- **Directions for this task**
Go through the entries and copy every line that has the string "layer" in it.

- **Task material**
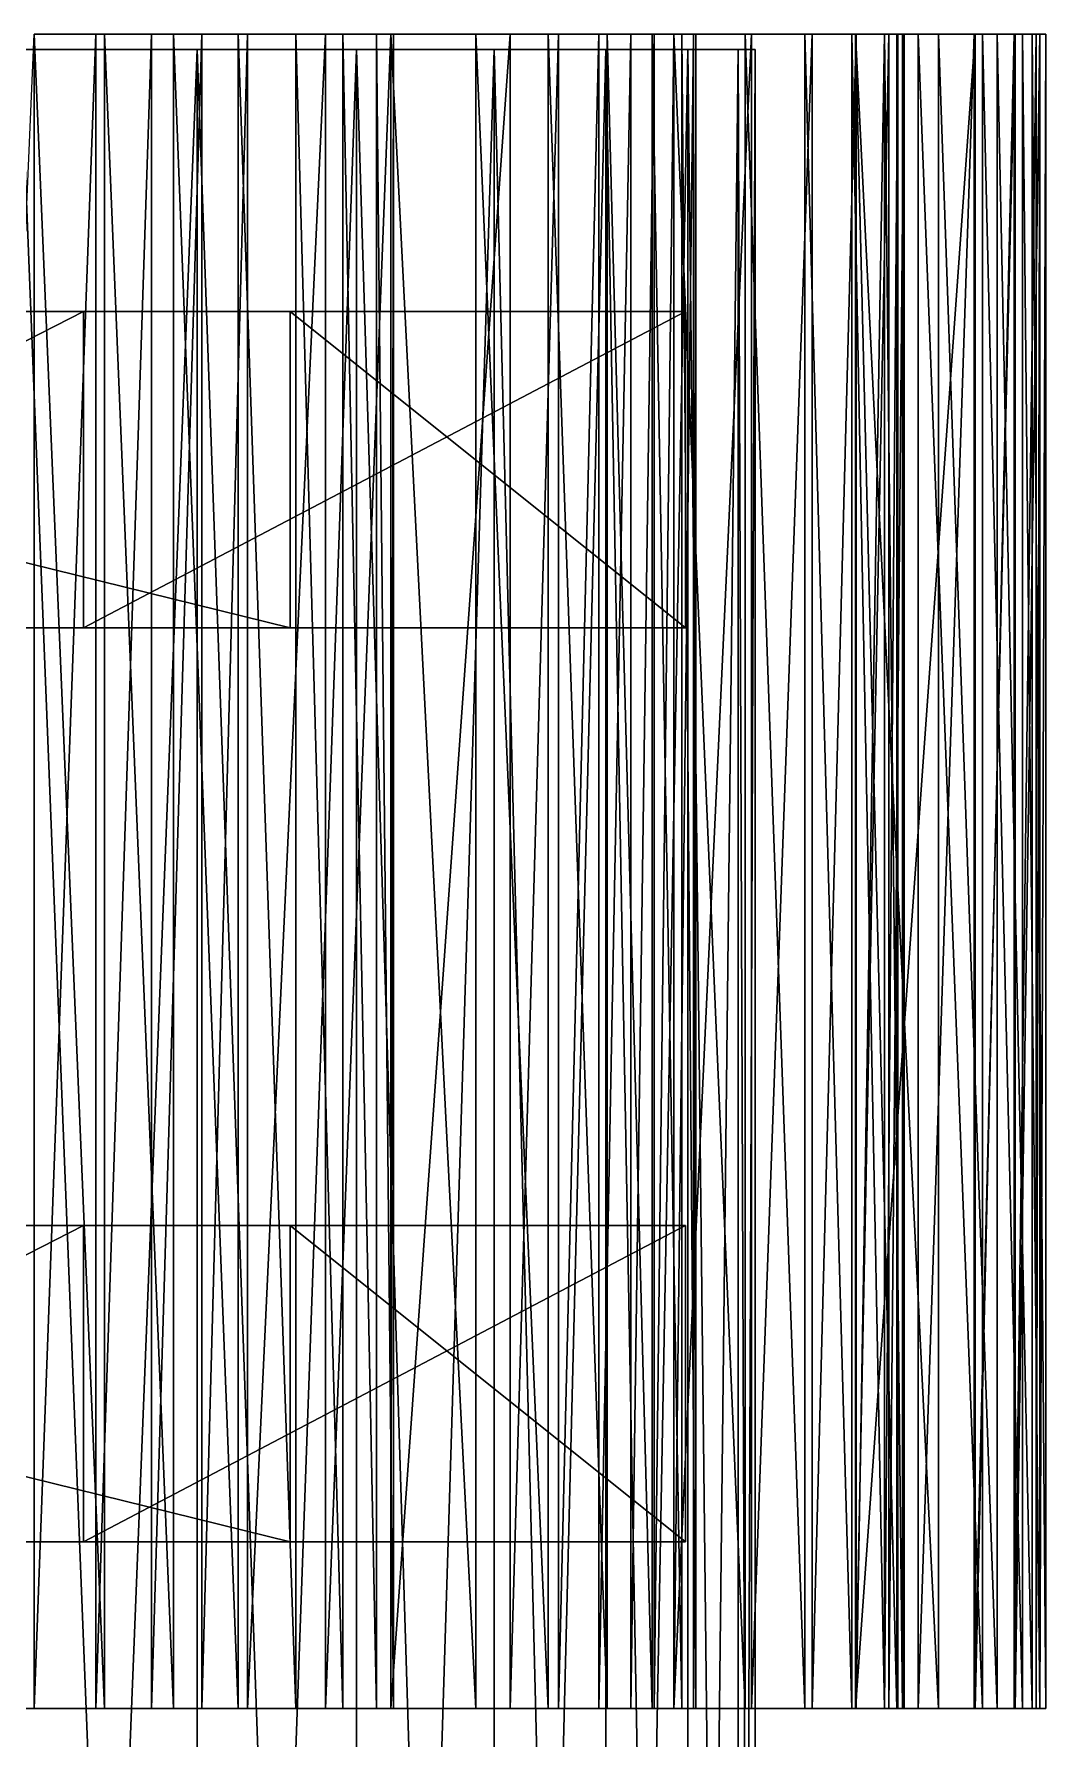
# Model space of a CAD drawing. Header units: metres. Extents: x -1.48 to 1.48, y -3.04 to 2.
# Drawn here: x 1.2062 to 1.4781, y 1.518 to 1.9761 of the extents above; entities that cross this region are included whole.
import ezdxf

# ---------------------------------------------------------------- set-up
doc = ezdxf.new("R2010")
doc.units = ezdxf.units.M

msp = doc.modelspace()

# ---------------------------------------------------------------- linework, layer by layer
at = {"layer": 'Cylinder 2'}
for points in [[(1.25, 1.972, -0.54081), (1.1, 1.972, -0.281), (1.2026, 1.972, -0.56291)], [(1.25, 1.972, -0.54081), (1.1, 1.972, -0.281), (1.1, 1.972, -0.281)], [(1.29283, 1.972, -0.51081), (1.1, 1.972, -0.281), (1.25, 1.972, -0.54081)], [(1.29283, 1.972, -0.51081), (1.1, 1.972, -0.281), (1.1, 1.972, -0.281)], [(1.32981, 1.972, -0.47384), (1.1, 1.972, -0.281), (1.29283, 1.972, -0.51081)], [(1.32981, 1.972, -0.47384), (1.1, 1.972, -0.281), (1.1, 1.972, -0.281)], [(1.35981, 1.972, -0.431), (1.1, 1.972, -0.281), (1.32981, 1.972, -0.47384)], [(1.35981, 1.972, -0.431), (1.1, 1.972, -0.281), (1.1, 1.972, -0.281)], [(1.38191, 1.972, -0.38361), (1.1, 1.972, -0.281), (1.35981, 1.972, -0.431)], [(1.38191, 1.972, -0.38361), (1.1, 1.972, -0.281), (1.1, 1.972, -0.281)], [(1.39544, 1.972, -0.33309), (1.1, 1.972, -0.281), (1.38191, 1.972, -0.38361)], [(1.39544, 1.972, -0.33309), (1.1, 1.972, -0.281), (1.1, 1.972, -0.281)], [(1.4, 1.972, -0.281), (1.1, 1.972, -0.281), (1.39544, 1.972, -0.33309)], [(1.4, 1.972, -0.281), (1.1, 1.972, -0.281), (1.1, 1.972, -0.281)], [(1.39544, 1.972, -0.22891), (1.1, 1.972, -0.281), (1.4, 1.972, -0.281)], [(1.39544, 1.972, -0.22891), (1.1, 1.972, -0.281), (1.1, 1.972, -0.281)], [(1.38191, 1.972, -0.17839), (1.1, 1.972, -0.281), (1.39544, 1.972, -0.22891)], [(1.38191, 1.972, -0.17839), (1.1, 1.972, -0.281), (1.1, 1.972, -0.281)], [(1.35981, 1.972, -0.131), (1.1, 1.972, -0.281), (1.38191, 1.972, -0.17839)], [(1.35981, 1.972, -0.131), (1.1, 1.972, -0.281), (1.1, 1.972, -0.281)], [(1.32981, 1.972, -0.08816), (1.1, 1.972, -0.281), (1.35981, 1.972, -0.131)], [(1.32981, 1.972, -0.08816), (1.1, 1.972, -0.281), (1.1, 1.972, -0.281)], [(1.29283, 1.972, -0.05119), (1.1, 1.972, -0.281), (1.32981, 1.972, -0.08816)], [(1.29283, 1.972, -0.05119), (1.1, 1.972, -0.281), (1.1, 1.972, -0.281)], [(1.25, 1.972, -0.02119), (1.1, 1.972, -0.281), (1.29283, 1.972, -0.05119)], [(1.25, 1.972, -0.02119), (1.1, 1.972, -0.281), (1.1, 1.972, -0.281)], [(1.2026, 1.972, 0.00091), (1.1, 1.972, -0.281), (1.25, 1.972, -0.02119)], [(1.25, 0.772, -0.54081), (1.2026, 1.972, -0.56291), (1.20261, 0.772, -0.56291)], [(1.25, 0.772, -0.54081), (1.25, 1.972, -0.54081), (1.2026, 1.972, -0.56291)], [(1.25, 1.972, -0.54081), (1.2026, 1.972, -0.56291), (1.2026, 1.972, -0.56291)], [(1.25, 1.972, -0.54081), (1.25, 1.972, -0.54081), (1.2026, 1.972, -0.56291)], [(1.2026, 0.772, 0.00091), (1.25, 1.972, -0.02119), (1.25, 0.772, -0.02119)], [(1.2026, 0.772, 0.00091), (1.2026, 1.972, 0.00091), (1.25, 1.972, -0.02119)], [(1.2026, 1.972, 0.00091), (1.25, 1.972, -0.02119), (1.25, 1.972, -0.02119)], [(1.2026, 1.972, 0.00091), (1.2026, 1.972, 0.00091), (1.25, 1.972, -0.02119)], [(1.29284, 0.772, -0.51081), (1.25, 1.972, -0.54081), (1.25, 0.772, -0.54081)], [(1.29284, 0.772, -0.51081), (1.29283, 1.972, -0.51081), (1.25, 1.972, -0.54081)], [(1.29283, 1.972, -0.51081), (1.25, 1.972, -0.54081), (1.25, 1.972, -0.54081)], [(1.29283, 1.972, -0.51081), (1.29283, 1.972, -0.51081), (1.25, 1.972, -0.54081)], [(1.25, 0.772, -0.02119), (1.29283, 1.972, -0.05119), (1.29283, 0.772, -0.05119)], [(1.25, 0.772, -0.02119), (1.25, 1.972, -0.02119), (1.29283, 1.972, -0.05119)], [(1.25, 1.972, -0.02119), (1.29283, 1.972, -0.05119), (1.29283, 1.972, -0.05119)], [(1.25, 1.972, -0.02119), (1.25, 1.972, -0.02119), (1.29283, 1.972, -0.05119)], [(1.32981, 0.772, -0.47384), (1.29283, 1.972, -0.51081), (1.29284, 0.772, -0.51081)], [(1.32981, 0.772, -0.47384), (1.32981, 1.972, -0.47384), (1.29283, 1.972, -0.51081)], [(1.32981, 1.972, -0.47384), (1.29283, 1.972, -0.51081), (1.29283, 1.972, -0.51081)], [(1.32981, 1.972, -0.47384), (1.32981, 1.972, -0.47384), (1.29283, 1.972, -0.51081)], [(1.29283, 0.772, -0.05119), (1.32981, 1.972, -0.08816), (1.32981, 0.772, -0.08816)], [(1.29283, 0.772, -0.05119), (1.29283, 1.972, -0.05119), (1.32981, 1.972, -0.08816)], [(1.29283, 1.972, -0.05119), (1.32981, 1.972, -0.08816), (1.32981, 1.972, -0.08816)], [(1.29283, 1.972, -0.05119), (1.29283, 1.972, -0.05119), (1.32981, 1.972, -0.08816)], [(1.35981, 0.772, -0.431), (1.32981, 1.972, -0.47384), (1.32981, 0.772, -0.47384)], [(1.35981, 0.772, -0.431), (1.35981, 1.972, -0.431), (1.32981, 1.972, -0.47384)], [(1.35981, 1.972, -0.431), (1.32981, 1.972, -0.47384), (1.32981, 1.972, -0.47384)], [(1.35981, 1.972, -0.431), (1.35981, 1.972, -0.431), (1.32981, 1.972, -0.47384)], [(1.32981, 0.772, -0.08816), (1.35981, 1.972, -0.131), (1.35981, 0.772, -0.131)], [(1.32981, 0.772, -0.08816), (1.32981, 1.972, -0.08816), (1.35981, 1.972, -0.131)], [(1.32981, 1.972, -0.08816), (1.35981, 1.972, -0.131), (1.35981, 1.972, -0.131)], [(1.32981, 1.972, -0.08816), (1.32981, 1.972, -0.08816), (1.35981, 1.972, -0.131)], [(1.38191, 0.772, -0.38361), (1.35981, 1.972, -0.431), (1.35981, 0.772, -0.431)], [(1.38191, 0.772, -0.38361), (1.38191, 1.972, -0.38361), (1.35981, 1.972, -0.431)], [(1.38191, 1.972, -0.38361), (1.35981, 1.972, -0.431), (1.35981, 1.972, -0.431)], [(1.38191, 1.972, -0.38361), (1.38191, 1.972, -0.38361), (1.35981, 1.972, -0.431)], [(1.35981, 0.772, -0.131), (1.38191, 1.972, -0.17839), (1.38191, 0.772, -0.17839)], [(1.35981, 0.772, -0.131), (1.35981, 1.972, -0.131), (1.38191, 1.972, -0.17839)], [(1.35981, 1.972, -0.131), (1.38191, 1.972, -0.17839), (1.38191, 1.972, -0.17839)], [(1.35981, 1.972, -0.131), (1.35981, 1.972, -0.131), (1.38191, 1.972, -0.17839)], [(1.39544, 0.772, -0.33309), (1.38191, 1.972, -0.38361), (1.38191, 0.772, -0.38361)], [(1.39544, 0.772, -0.33309), (1.39544, 1.972, -0.33309), (1.38191, 1.972, -0.38361)], [(1.39544, 1.972, -0.33309), (1.38191, 1.972, -0.38361), (1.38191, 1.972, -0.38361)], [(1.39544, 1.972, -0.33309), (1.39544, 1.972, -0.33309), (1.38191, 1.972, -0.38361)], [(1.38191, 0.772, -0.17839), (1.39544, 1.972, -0.22891), (1.39544, 0.772, -0.22891)], [(1.38191, 0.772, -0.17839), (1.38191, 1.972, -0.17839), (1.39544, 1.972, -0.22891)], [(1.38191, 1.972, -0.17839), (1.39544, 1.972, -0.22891), (1.39544, 1.972, -0.22891)], [(1.38191, 1.972, -0.17839), (1.38191, 1.972, -0.17839), (1.39544, 1.972, -0.22891)], [(1.4, 0.772, -0.281), (1.39544, 1.972, -0.33309), (1.39544, 0.772, -0.33309)], [(1.4, 0.772, -0.281), (1.4, 1.972, -0.281), (1.39544, 1.972, -0.33309)], [(1.4, 1.972, -0.281), (1.39544, 1.972, -0.33309), (1.39544, 1.972, -0.33309)], [(1.4, 1.972, -0.281), (1.4, 1.972, -0.281), (1.39544, 1.972, -0.33309)], [(1.39544, 0.772, -0.22891), (1.4, 1.972, -0.281), (1.4, 0.772, -0.281)], [(1.39544, 0.772, -0.22891), (1.39544, 1.972, -0.22891), (1.4, 1.972, -0.281)], [(1.39544, 1.972, -0.22891), (1.4, 1.972, -0.281), (1.4, 1.972, -0.281)], [(1.39544, 1.972, -0.22891), (1.39544, 1.972, -0.22891), (1.4, 1.972, -0.281)]]:
    msp.add_3dface(points, dxfattribs=at)
at = {"layer": 'Prism 14'}
for points in [[(1.275, 1.81656, -0.20477), (0.9301, 1.90156, 0.06367), (0.9301, 1.81656, 0.06367)], [(1.275, 1.81656, -0.20477), (1.275, 1.90156, -0.20477), (0.9301, 1.90156, 0.06367)], [(1.21949, 1.90156, 0.05591), (1.05337, 1.90156, 0.18055), (0.9301, 1.90156, 0.06367)], [(0.9301, 1.90156, 0.06367), (1.275, 1.90156, -0.20477), (1.21949, 1.90156, 0.05591)], [(1.05337, 1.81656, 0.18055), (1.21949, 1.90156, 0.05591), (1.21949, 1.81656, 0.05591)], [(1.05337, 1.81656, 0.18055), (1.05337, 1.90156, 0.18055), (1.21949, 1.90156, 0.05591)], [(1.21949, 1.81656, 0.05591), (1.38125, 1.90156, -0.0879), (1.38125, 1.81656, -0.0879)], [(1.21949, 1.81656, 0.05591), (1.21949, 1.90156, 0.05591), (1.38125, 1.90156, -0.0879)], [(1.21949, 1.90156, 0.05591), (1.275, 1.90156, -0.20477), (1.38125, 1.90156, -0.0879)], [(1.38125, 1.81656, -0.0879), (1.275, 1.90156, -0.20477), (1.275, 1.81656, -0.20477)], [(1.38125, 1.81656, -0.0879), (1.38125, 1.90156, -0.0879), (1.275, 1.90156, -0.20477)], [(1.21949, 1.81656, 0.05591), (0.9301, 1.81656, 0.06367), (1.05337, 1.81656, 0.18055)], [(1.275, 1.81656, -0.20477), (0.9301, 1.81656, 0.06367), (1.21949, 1.81656, 0.05591)], [(1.21949, 1.81656, 0.05591), (1.38125, 1.81656, -0.0879), (1.275, 1.81656, -0.20477)]]:
    msp.add_3dface(points, dxfattribs=at)
at = {"layer": 'Prism 15'}
for points in [[(1.275, 1.57094, -0.20477), (0.9301, 1.65594, 0.06367), (0.9301, 1.57094, 0.06367)], [(1.275, 1.57094, -0.20477), (1.275, 1.65594, -0.20477), (0.9301, 1.65594, 0.06367)], [(1.21949, 1.65594, 0.05591), (1.05337, 1.65594, 0.18055), (0.9301, 1.65594, 0.06367)], [(0.9301, 1.65594, 0.06367), (1.275, 1.65594, -0.20477), (1.21949, 1.65594, 0.05591)], [(1.05337, 1.57094, 0.18055), (1.21949, 1.65594, 0.05591), (1.21949, 1.57094, 0.05591)], [(1.05337, 1.57094, 0.18055), (1.05337, 1.65594, 0.18055), (1.21949, 1.65594, 0.05591)], [(1.21949, 1.57094, 0.05591), (1.38125, 1.65594, -0.0879), (1.38125, 1.57094, -0.0879)], [(1.21949, 1.57094, 0.05591), (1.21949, 1.65594, 0.05591), (1.38125, 1.65594, -0.0879)], [(1.21949, 1.65594, 0.05591), (1.275, 1.65594, -0.20477), (1.38125, 1.65594, -0.0879)], [(1.38125, 1.57094, -0.0879), (1.275, 1.65594, -0.20477), (1.275, 1.57094, -0.20477)], [(1.38125, 1.57094, -0.0879), (1.38125, 1.65594, -0.0879), (1.275, 1.65594, -0.20477)], [(1.21949, 1.57094, 0.05591), (0.9301, 1.57094, 0.06367), (1.05337, 1.57094, 0.18055)], [(1.275, 1.57094, -0.20477), (0.9301, 1.57094, 0.06367), (1.21949, 1.57094, 0.05591)], [(1.21949, 1.57094, 0.05591), (1.38125, 1.57094, -0.0879), (1.275, 1.57094, -0.20477)]]:
    msp.add_3dface(points, dxfattribs=at)
at = {"layer": 'Prism 8'}
for points in [[(1.1868, 1.52614, 0.07518), (1.20622, 1.97614, 0.04593), (1.20622, 1.52614, 0.04593)], [(1.2251, 1.52614, -0.61634), (1.20622, 1.97614, -0.60793), (1.20622, 1.52614, -0.60793)], [(1.2251, 1.52614, -0.61634), (1.2251, 1.97614, -0.61634), (1.20622, 1.97614, -0.60793)], [(1.20622, 1.52614, 0.04593), (1.22282, 1.97614, 0.05705), (1.22282, 1.52614, 0.05705)], [(1.20622, 1.52614, 0.04593), (1.20622, 1.97614, 0.04593), (1.22282, 1.97614, 0.05705)], [(1.30205, 1.97614, -0.5591), (1.20622, 1.97614, -0.60793), (1.2251, 1.97614, -0.61634)], [(1.44375, 1.97614, -0.281), (1.20622, 1.97614, -0.60793), (1.42692, 1.97614, -0.38722)], [(1.20622, 1.97614, -0.60793), (1.30205, 1.97614, -0.5591), (1.42692, 1.97614, -0.38722)], [(1.20622, 1.97614, 0.04593), (1.44375, 1.97614, -0.281), (1.42692, 1.97614, -0.17478)], [(1.20622, 1.97614, 0.04593), (1.30205, 1.97614, -0.0029), (1.28455, 1.97614, 0.03479)], [(1.22282, 1.97614, 0.05705), (1.20622, 1.97614, 0.04593), (1.28455, 1.97614, 0.03479)], [(1.42692, 1.97614, -0.17478), (1.30205, 1.97614, -0.0029), (1.20622, 1.97614, 0.04593)], [(1.44375, 1.97614, -0.281), (1.20622, 1.97614, 0.04593), (1.20622, 1.97614, -0.60793)], [(1.22282, 1.52614, 0.05705), (1.23781, 1.97614, 0.06244), (1.23781, 1.52614, 0.06244)], [(1.22282, 1.52614, 0.05705), (1.22282, 1.97614, 0.05705), (1.23781, 1.97614, 0.06244)], [(1.23781, 1.97614, 0.06244), (1.22282, 1.97614, 0.05705), (1.26353, 1.97614, 0.05765)], [(1.28455, 1.97614, 0.03479), (1.26353, 1.97614, 0.05765), (1.22282, 1.97614, 0.05705)], [(1.24367, 1.52614, -0.61907), (1.2251, 1.97614, -0.61634), (1.2251, 1.52614, -0.61634)], [(1.24367, 1.52614, -0.61907), (1.24367, 1.97614, -0.61907), (1.2251, 1.97614, -0.61634)], [(1.2251, 1.97614, -0.61634), (1.24367, 1.97614, -0.61907), (1.30205, 1.97614, -0.5591)], [(1.23781, 1.52614, 0.06244), (1.25133, 1.97614, 0.0625), (1.25133, 1.52614, 0.0625)], [(1.23781, 1.52614, 0.06244), (1.23781, 1.97614, 0.06244), (1.25133, 1.97614, 0.0625)], [(1.26353, 1.97614, 0.05765), (1.25133, 1.97614, 0.0625), (1.23781, 1.97614, 0.06244)], [(1.2611, 1.52614, -0.61688), (1.24367, 1.97614, -0.61907), (1.24367, 1.52614, -0.61907)], [(1.2611, 1.52614, -0.61688), (1.2611, 1.97614, -0.61688), (1.24367, 1.97614, -0.61907)], [(1.24367, 1.97614, -0.61907), (1.2611, 1.97614, -0.61688), (1.30205, 1.97614, -0.5591)], [(1.25133, 1.52614, 0.0625), (1.26353, 1.97614, 0.05765), (1.26353, 1.52614, 0.05765)], [(1.25133, 1.52614, 0.0625), (1.25133, 1.97614, 0.0625), (1.26353, 1.97614, 0.05765)], [(1.27655, 1.52614, -0.61053), (1.2611, 1.97614, -0.61688), (1.2611, 1.52614, -0.61688)], [(1.27655, 1.52614, -0.61053), (1.27655, 1.97614, -0.61053), (1.2611, 1.97614, -0.61688)], [(1.27655, 1.97614, -0.61053), (1.30205, 1.97614, -0.5591), (1.2611, 1.97614, -0.61688)], [(1.26353, 1.52614, 0.05765), (1.28455, 1.97614, 0.03479), (1.28455, 1.52614, 0.03479)], [(1.26353, 1.52614, 0.05765), (1.26353, 1.97614, 0.05765), (1.28455, 1.97614, 0.03479)], [(1.28921, 1.52614, -0.60082), (1.27655, 1.97614, -0.61053), (1.27655, 1.52614, -0.61053)], [(1.28921, 1.52614, -0.60082), (1.28921, 1.97614, -0.60082), (1.27655, 1.97614, -0.61053)], [(1.30205, 1.97614, -0.5591), (1.27655, 1.97614, -0.61053), (1.28921, 1.97614, -0.60082)], [(1.28455, 1.52614, 0.03479), (1.30205, 1.97614, -0.0029), (1.30205, 1.52614, -0.0029)], [(1.28455, 1.52614, 0.03479), (1.28455, 1.97614, 0.03479), (1.30205, 1.97614, -0.0029)], [(1.29823, 1.52614, -0.58849), (1.28921, 1.97614, -0.60082), (1.28921, 1.52614, -0.60082)], [(1.29823, 1.52614, -0.58849), (1.29823, 1.97614, -0.58849), (1.28921, 1.97614, -0.60082)], [(1.30205, 1.97614, -0.5591), (1.28921, 1.97614, -0.60082), (1.29823, 1.97614, -0.58849)], [(1.30278, 1.52614, -0.57433), (1.29823, 1.97614, -0.58849), (1.29823, 1.52614, -0.58849)], [(1.30278, 1.52614, -0.57433), (1.30278, 1.97614, -0.57433), (1.29823, 1.97614, -0.58849)], [(1.30205, 1.97614, -0.5591), (1.29823, 1.97614, -0.58849), (1.30278, 1.97614, -0.57433)], [(1.30205, 1.52614, -0.5591), (1.30278, 1.97614, -0.57433), (1.30278, 1.52614, -0.57433)], [(1.30205, 1.52614, -0.5591), (1.30205, 1.97614, -0.5591), (1.30278, 1.97614, -0.57433)], [(1.32491, 1.52614, -0.56212), (1.30205, 1.97614, -0.5591), (1.30205, 1.52614, -0.5591)], [(1.32491, 1.52614, -0.56212), (1.32491, 1.97614, -0.56212), (1.30205, 1.97614, -0.5591)], [(1.30205, 1.52614, -0.0029), (1.33412, 1.97614, 0.00061), (1.33412, 1.52614, 0.00061)], [(1.30205, 1.52614, -0.0029), (1.30205, 1.97614, -0.0029), (1.33412, 1.97614, 0.00061)], [(1.42692, 1.97614, -0.38722), (1.30205, 1.97614, -0.5591), (1.3781, 1.97614, -0.48305)], [(1.3781, 1.97614, -0.48305), (1.30205, 1.97614, -0.5591), (1.32491, 1.97614, -0.56212)], [(1.30205, 1.97614, -0.0029), (1.3781, 1.97614, -0.07895), (1.37282, 1.97614, -0.03223)], [(1.30205, 1.97614, -0.0029), (1.37282, 1.97614, -0.03223), (1.33412, 1.97614, 0.00061)], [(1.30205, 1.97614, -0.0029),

- **Response box**
# ---------------------------------------------------------------- linework, layer by layer
at = {"layer": 'Cylinder 2'}
at = {"layer": 'Prism 14'}
at = {"layer": 'Prism 15'}
at = {"layer": 'Prism 8'}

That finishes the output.